Requirement
Repeat the records below exactly, line for line.

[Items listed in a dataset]
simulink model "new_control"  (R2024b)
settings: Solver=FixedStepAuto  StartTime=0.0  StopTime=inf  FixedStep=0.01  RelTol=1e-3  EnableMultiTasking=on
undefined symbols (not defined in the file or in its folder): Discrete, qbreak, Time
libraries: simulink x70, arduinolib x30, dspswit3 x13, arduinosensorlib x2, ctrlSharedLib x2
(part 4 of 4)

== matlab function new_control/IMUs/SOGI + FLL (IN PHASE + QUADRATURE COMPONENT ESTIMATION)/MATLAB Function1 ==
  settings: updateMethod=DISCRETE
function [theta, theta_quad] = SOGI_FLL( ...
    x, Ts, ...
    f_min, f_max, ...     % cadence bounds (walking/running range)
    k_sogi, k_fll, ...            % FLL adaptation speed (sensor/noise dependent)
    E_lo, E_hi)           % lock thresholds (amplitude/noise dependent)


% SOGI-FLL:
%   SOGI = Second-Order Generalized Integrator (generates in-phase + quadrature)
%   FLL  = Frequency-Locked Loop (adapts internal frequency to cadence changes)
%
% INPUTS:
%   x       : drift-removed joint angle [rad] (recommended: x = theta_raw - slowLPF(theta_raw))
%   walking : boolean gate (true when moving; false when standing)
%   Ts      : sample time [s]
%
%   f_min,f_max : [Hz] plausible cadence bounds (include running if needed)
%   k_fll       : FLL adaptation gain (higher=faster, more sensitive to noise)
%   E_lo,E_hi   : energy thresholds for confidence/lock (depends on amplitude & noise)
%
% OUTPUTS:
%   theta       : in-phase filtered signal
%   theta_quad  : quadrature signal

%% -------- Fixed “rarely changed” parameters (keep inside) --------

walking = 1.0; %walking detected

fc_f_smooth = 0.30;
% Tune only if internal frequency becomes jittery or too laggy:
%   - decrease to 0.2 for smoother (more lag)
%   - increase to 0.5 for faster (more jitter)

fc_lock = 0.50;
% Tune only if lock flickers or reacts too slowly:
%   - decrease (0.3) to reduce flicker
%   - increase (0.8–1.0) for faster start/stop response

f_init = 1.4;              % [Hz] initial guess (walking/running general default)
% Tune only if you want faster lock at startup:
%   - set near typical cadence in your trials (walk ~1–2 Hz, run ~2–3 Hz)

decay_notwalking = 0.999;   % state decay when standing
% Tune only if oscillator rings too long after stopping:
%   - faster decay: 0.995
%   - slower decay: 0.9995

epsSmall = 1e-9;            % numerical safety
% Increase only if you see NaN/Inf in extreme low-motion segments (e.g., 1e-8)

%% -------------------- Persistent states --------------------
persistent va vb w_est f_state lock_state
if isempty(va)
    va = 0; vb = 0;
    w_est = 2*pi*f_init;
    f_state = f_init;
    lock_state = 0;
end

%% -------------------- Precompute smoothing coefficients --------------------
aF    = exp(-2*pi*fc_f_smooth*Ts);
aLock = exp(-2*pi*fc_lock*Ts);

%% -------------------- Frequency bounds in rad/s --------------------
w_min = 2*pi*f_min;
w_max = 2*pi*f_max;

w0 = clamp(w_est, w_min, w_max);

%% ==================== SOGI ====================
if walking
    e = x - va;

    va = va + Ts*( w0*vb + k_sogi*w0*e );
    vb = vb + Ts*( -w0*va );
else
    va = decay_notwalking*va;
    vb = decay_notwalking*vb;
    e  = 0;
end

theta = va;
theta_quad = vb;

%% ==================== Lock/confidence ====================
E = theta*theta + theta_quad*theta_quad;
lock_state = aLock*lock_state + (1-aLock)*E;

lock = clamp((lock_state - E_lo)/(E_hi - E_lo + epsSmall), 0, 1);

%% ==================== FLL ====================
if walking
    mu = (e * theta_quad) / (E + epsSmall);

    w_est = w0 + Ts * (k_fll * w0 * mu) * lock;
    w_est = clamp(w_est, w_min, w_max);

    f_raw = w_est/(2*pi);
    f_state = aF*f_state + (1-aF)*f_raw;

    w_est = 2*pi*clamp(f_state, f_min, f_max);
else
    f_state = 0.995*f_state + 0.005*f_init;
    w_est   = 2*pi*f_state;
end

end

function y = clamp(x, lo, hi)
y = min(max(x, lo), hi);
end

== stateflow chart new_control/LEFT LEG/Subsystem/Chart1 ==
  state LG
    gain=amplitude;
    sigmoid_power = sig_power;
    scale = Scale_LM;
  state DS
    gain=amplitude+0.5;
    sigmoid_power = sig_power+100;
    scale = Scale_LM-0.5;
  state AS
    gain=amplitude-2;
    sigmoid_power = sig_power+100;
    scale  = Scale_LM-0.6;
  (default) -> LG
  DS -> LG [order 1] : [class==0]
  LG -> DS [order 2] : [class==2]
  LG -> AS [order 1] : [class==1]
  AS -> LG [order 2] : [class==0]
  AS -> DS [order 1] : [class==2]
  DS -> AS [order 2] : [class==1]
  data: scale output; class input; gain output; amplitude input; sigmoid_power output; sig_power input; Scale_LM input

Reply
simulink model "new_control"  (R2024b)
settings: Solver=FixedStepAuto  StartTime=0.0  StopTime=inf  FixedStep=0.01  RelTol=1e-3  EnableMultiTasking=on
undefined symbols (not defined in the file or in its folder): Discrete, qbreak, Time
libraries: simulink x70, arduinolib x30, dspswit3 x13, arduinosensorlib x2, ctrlSharedLib x2
(part 4 of 4)

== matlab function new_control/IMUs/SOGI + FLL (IN PHASE + QUADRATURE COMPONENT ESTIMATION)/MATLAB Function1 ==
  settings: updateMethod=DISCRETE
function [theta, theta_quad] = SOGI_FLL( ...
    x, Ts, ...
    f_min, f_max, ...     % cadence bounds (walking/running range)
    k_sogi, k_fll, ...            % FLL adaptation speed (sensor/noise dependent)
    E_lo, E_hi)           % lock thresholds (amplitude/noise dependent)


% SOGI-FLL:
%   SOGI = Second-Order Generalized Integrator (generates in-phase + quadrature)
%   FLL  = Frequency-Locked Loop (adapts internal frequency to cadence changes)
%
% INPUTS:
%   x       : drift-removed joint angle [rad] (recommended: x = theta_raw - slowLPF(theta_raw))
%   walking : boolean gate (true when moving; false when standing)
%   Ts      : sample time [s]
%
%   f_min,f_max : [Hz] plausible cadence bounds (include running if needed)
%   k_fll       : FLL adaptation gain (higher=faster, more sensitive to noise)
%   E_lo,E_hi   : energy thresholds for confidence/lock (depends on amplitude & noise)
%
% OUTPUTS:
%   theta       : in-phase filtered signal
%   theta_quad  : quadrature signal

%% -------- Fixed “rarely changed” parameters (keep inside) --------

walking = 1.0; %walking detected

fc_f_smooth = 0.30;
% Tune only if internal frequency becomes jittery or too laggy:
%   - decrease to 0.2 for smoother (more lag)
%   - increase to 0.5 for faster (more jitter)

fc_lock = 0.50;
% Tune only if lock flickers or reacts too slowly:
%   - decrease (0.3) to reduce flicker
%   - increase (0.8–1.0) for faster start/stop response

f_init = 1.4;              % [Hz] initial guess (walking/running general default)
% Tune only if you want faster lock at startup:
%   - set near typical cadence in your trials (walk ~1–2 Hz, run ~2–3 Hz)

decay_notwalking = 0.999;   % state decay when standing
% Tune only if oscillator rings too long after stopping:
%   - faster decay: 0.995
%   - slower decay: 0.9995

epsSmall = 1e-9;            % numerical safety
% Increase only if you see NaN/Inf in extreme low-motion segments (e.g., 1e-8)

%% -------------------- Persistent states --------------------
persistent va vb w_est f_state lock_state
if isempty(va)
    va = 0; vb = 0;
    w_est = 2*pi*f_init;
    f_state = f_init;
    lock_state = 0;
end

%% -------------------- Precompute smoothing coefficients --------------------
aF    = exp(-2*pi*fc_f_smooth*Ts);
aLock = exp(-2*pi*fc_lock*Ts);

%% -------------------- Frequency bounds in rad/s --------------------
w_min = 2*pi*f_min;
w_max = 2*pi*f_max;

w0 = clamp(w_est, w_min, w_max);

%% ==================== SOGI ====================
if walking
    e = x - va;

    va = va + Ts*( w0*vb + k_sogi*w0*e );
    vb = vb + Ts*( -w0*va );
else
    va = decay_notwalking*va;
    vb = decay_notwalking*vb;
    e  = 0;
end

theta = va;
theta_quad = vb;

%% ==================== Lock/confidence ====================
E = theta*theta + theta_quad*theta_quad;
lock_state = aLock*lock_state + (1-aLock)*E;

lock = clamp((lock_state - E_lo)/(E_hi - E_lo + epsSmall), 0, 1);

%% ==================== FLL ====================
if walking
    mu = (e * theta_quad) / (E + epsSmall);

    w_est = w0 + Ts * (k_fll * w0 * mu) * lock;
    w_est = clamp(w_est, w_min, w_max);

    f_raw = w_est/(2*pi);
    f_state = aF*f_state + (1-aF)*f_raw;

    w_est = 2*pi*clamp(f_state, f_min, f_max);
else
    f_state = 0.995*f_state + 0.005*f_init;
    w_est   = 2*pi*f_state;
end

end

function y = clamp(x, lo, hi)
y = min(max(x, lo), hi);
end

== stateflow chart new_control/LEFT LEG/Subsystem/Chart1 ==
  state LG
    gain=amplitude;
    sigmoid_power = sig_power;
    scale = Scale_LM;
  state DS
    gain=amplitude+0.5;
    sigmoid_power = sig_power+100;
    scale = Scale_LM-0.5;
  state AS
    gain=amplitude-2;
    sigmoid_power = sig_power+100;
    scale  = Scale_LM-0.6;
  (default) -> LG
  DS -> LG [order 1] : [class==0]
  LG -> DS [order 2] : [class==2]
  LG -> AS [order 1] : [class==1]
  AS -> LG [order 2] : [class==0]
  AS -> DS [order 1] : [class==2]
  DS -> AS [order 2] : [class==1]
  data: scale output; class input; gain output; amplitude input; sigmoid_power output; sig_power input; Scale_LM input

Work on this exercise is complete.